China stocks hit 2-year high on hopes of coronavirus-linked stimulus
Chinese stocks closed at a two-year high on Thursday, roaring back from a coronavirus-driven sell-off as investors prepared for more relief measures from Beijing.
Despite widespread disruption to supply chains in China, the country’s CSI 300 stock index gained 2.2 per cent on the day, making it the best-performing major stock market in the world. The index has gained nearly 3 per cent so far in 2020 while most other big global indices languish in the red. The S&P 500 is down 3 per cent and the FTSE 100 is off 1.6 per cent.
Shenzen’s smaller technology-focused composite index has performed even better, gaining 12 per cent this year, largely due to a rally in internet companies that benefit from enforced stays at home due to quarantine measures as well as speculative plays by momentum-driven retail investors.

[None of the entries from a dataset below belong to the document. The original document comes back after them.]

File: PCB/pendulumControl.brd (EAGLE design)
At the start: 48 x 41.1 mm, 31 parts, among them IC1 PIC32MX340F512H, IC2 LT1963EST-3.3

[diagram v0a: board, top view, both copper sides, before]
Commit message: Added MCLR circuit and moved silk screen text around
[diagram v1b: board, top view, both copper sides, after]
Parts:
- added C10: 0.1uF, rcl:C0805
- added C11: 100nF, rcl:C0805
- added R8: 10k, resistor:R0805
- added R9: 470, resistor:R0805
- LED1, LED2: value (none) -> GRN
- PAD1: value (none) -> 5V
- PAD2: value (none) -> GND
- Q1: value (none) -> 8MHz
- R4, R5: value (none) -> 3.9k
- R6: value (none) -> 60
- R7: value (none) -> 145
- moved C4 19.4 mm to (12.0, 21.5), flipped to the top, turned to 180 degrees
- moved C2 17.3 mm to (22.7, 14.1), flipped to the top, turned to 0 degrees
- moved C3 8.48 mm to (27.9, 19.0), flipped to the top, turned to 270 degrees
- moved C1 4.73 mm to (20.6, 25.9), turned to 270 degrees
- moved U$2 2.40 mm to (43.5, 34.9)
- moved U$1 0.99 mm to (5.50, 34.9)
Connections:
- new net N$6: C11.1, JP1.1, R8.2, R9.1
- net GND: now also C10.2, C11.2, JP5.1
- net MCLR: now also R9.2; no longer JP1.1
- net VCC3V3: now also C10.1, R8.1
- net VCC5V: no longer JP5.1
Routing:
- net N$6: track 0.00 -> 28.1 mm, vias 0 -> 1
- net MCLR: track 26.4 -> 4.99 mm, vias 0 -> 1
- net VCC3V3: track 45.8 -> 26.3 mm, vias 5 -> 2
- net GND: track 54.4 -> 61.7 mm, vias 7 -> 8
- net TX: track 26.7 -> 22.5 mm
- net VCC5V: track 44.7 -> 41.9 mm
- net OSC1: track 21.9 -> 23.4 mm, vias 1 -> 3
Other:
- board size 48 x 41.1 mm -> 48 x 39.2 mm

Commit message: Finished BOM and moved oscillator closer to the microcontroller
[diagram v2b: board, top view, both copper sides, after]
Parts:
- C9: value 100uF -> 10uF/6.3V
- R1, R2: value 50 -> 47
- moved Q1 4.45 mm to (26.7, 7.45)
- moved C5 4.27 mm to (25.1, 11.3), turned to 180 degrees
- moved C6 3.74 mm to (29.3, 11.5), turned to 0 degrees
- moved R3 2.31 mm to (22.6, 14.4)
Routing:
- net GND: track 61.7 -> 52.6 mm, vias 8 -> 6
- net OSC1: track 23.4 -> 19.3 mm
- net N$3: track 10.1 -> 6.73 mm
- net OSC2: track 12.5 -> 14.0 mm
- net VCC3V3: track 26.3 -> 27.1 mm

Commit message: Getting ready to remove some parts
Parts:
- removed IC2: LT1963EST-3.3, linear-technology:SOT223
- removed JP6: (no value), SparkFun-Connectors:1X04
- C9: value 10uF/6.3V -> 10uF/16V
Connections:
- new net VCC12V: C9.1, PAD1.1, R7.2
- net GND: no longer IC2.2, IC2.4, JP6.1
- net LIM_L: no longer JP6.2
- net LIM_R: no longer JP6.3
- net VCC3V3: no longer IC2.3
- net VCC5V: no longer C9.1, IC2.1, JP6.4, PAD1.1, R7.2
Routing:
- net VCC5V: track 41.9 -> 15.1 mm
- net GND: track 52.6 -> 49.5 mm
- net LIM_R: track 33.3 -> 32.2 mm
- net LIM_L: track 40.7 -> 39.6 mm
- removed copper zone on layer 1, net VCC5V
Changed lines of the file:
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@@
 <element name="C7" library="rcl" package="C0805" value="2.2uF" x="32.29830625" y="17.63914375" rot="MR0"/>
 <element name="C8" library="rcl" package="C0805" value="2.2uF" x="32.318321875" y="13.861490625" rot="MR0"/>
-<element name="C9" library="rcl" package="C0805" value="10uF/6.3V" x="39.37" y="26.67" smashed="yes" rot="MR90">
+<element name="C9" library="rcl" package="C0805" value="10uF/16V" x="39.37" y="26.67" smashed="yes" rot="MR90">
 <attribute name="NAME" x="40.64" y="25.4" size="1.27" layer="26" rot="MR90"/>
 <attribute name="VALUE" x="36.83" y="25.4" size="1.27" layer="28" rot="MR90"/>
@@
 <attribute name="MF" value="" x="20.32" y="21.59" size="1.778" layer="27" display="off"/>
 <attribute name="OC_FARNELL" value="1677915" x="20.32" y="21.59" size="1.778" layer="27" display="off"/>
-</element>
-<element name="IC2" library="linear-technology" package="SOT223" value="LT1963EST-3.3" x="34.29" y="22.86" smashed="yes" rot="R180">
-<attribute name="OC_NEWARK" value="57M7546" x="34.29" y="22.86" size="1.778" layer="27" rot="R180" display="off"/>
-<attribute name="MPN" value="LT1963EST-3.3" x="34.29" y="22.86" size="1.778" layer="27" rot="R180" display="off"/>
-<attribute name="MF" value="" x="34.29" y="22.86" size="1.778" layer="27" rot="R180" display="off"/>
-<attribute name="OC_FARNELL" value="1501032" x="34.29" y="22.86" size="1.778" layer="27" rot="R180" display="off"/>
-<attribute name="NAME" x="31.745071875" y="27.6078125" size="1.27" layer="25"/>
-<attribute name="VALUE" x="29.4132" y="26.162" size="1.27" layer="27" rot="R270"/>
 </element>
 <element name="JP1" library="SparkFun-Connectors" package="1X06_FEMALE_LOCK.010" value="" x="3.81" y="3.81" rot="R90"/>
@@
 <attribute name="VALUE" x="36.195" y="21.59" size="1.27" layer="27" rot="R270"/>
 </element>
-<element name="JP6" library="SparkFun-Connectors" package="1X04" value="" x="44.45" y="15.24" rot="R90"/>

The Shanghai Composite, which includes more financial and industrial companies, trails well behind it with a rise of just 0.7 per cent this year.
Thomas Gatley, an analyst at Gavekal Dragonomics, said that as the extent of the economic damage becomes evident this month and the next, policymakers would likely “continue to drip-feed the market with announcements of additional monetary and fiscal stimulus”, pushing stocks higher despite “abysmal” expectations for corporate profits in the first quarter.
Analysts at Mizuho said comments from President Xi Jinping at a politburo meeting this week implied Beijing “had not yet given up” on its goal of doubling gross domestic product from 2010 by 2021. That would require growth of 5.6 per cent this year, they added, and lent credence to expectations of a “massive stimulus package” later in the year to make up for a collapse of growth in the first quarter.
But others warned investors might be expecting too much. “Because of the unique nature of the Covid-19 shock and limited policy space, we believe the scale of the demand stimulus package will be smaller and more concentrated in big cities” compared with previous sets of measures, analysts at Nomura wrote.
Analysts also cautioned that China was still at risk of an escalation in the outbreak, even though official numbers appeared to show the number of new cases levelling off. Robert Carnell, head of research for Asia Pacific at ING, pointed to risks from Chinese people returning to work and cases of the virus imported from other countries.
“Any of these, if not controlled properly, could result in another peak of Covid-19 in China and could move the market negatively,” he said.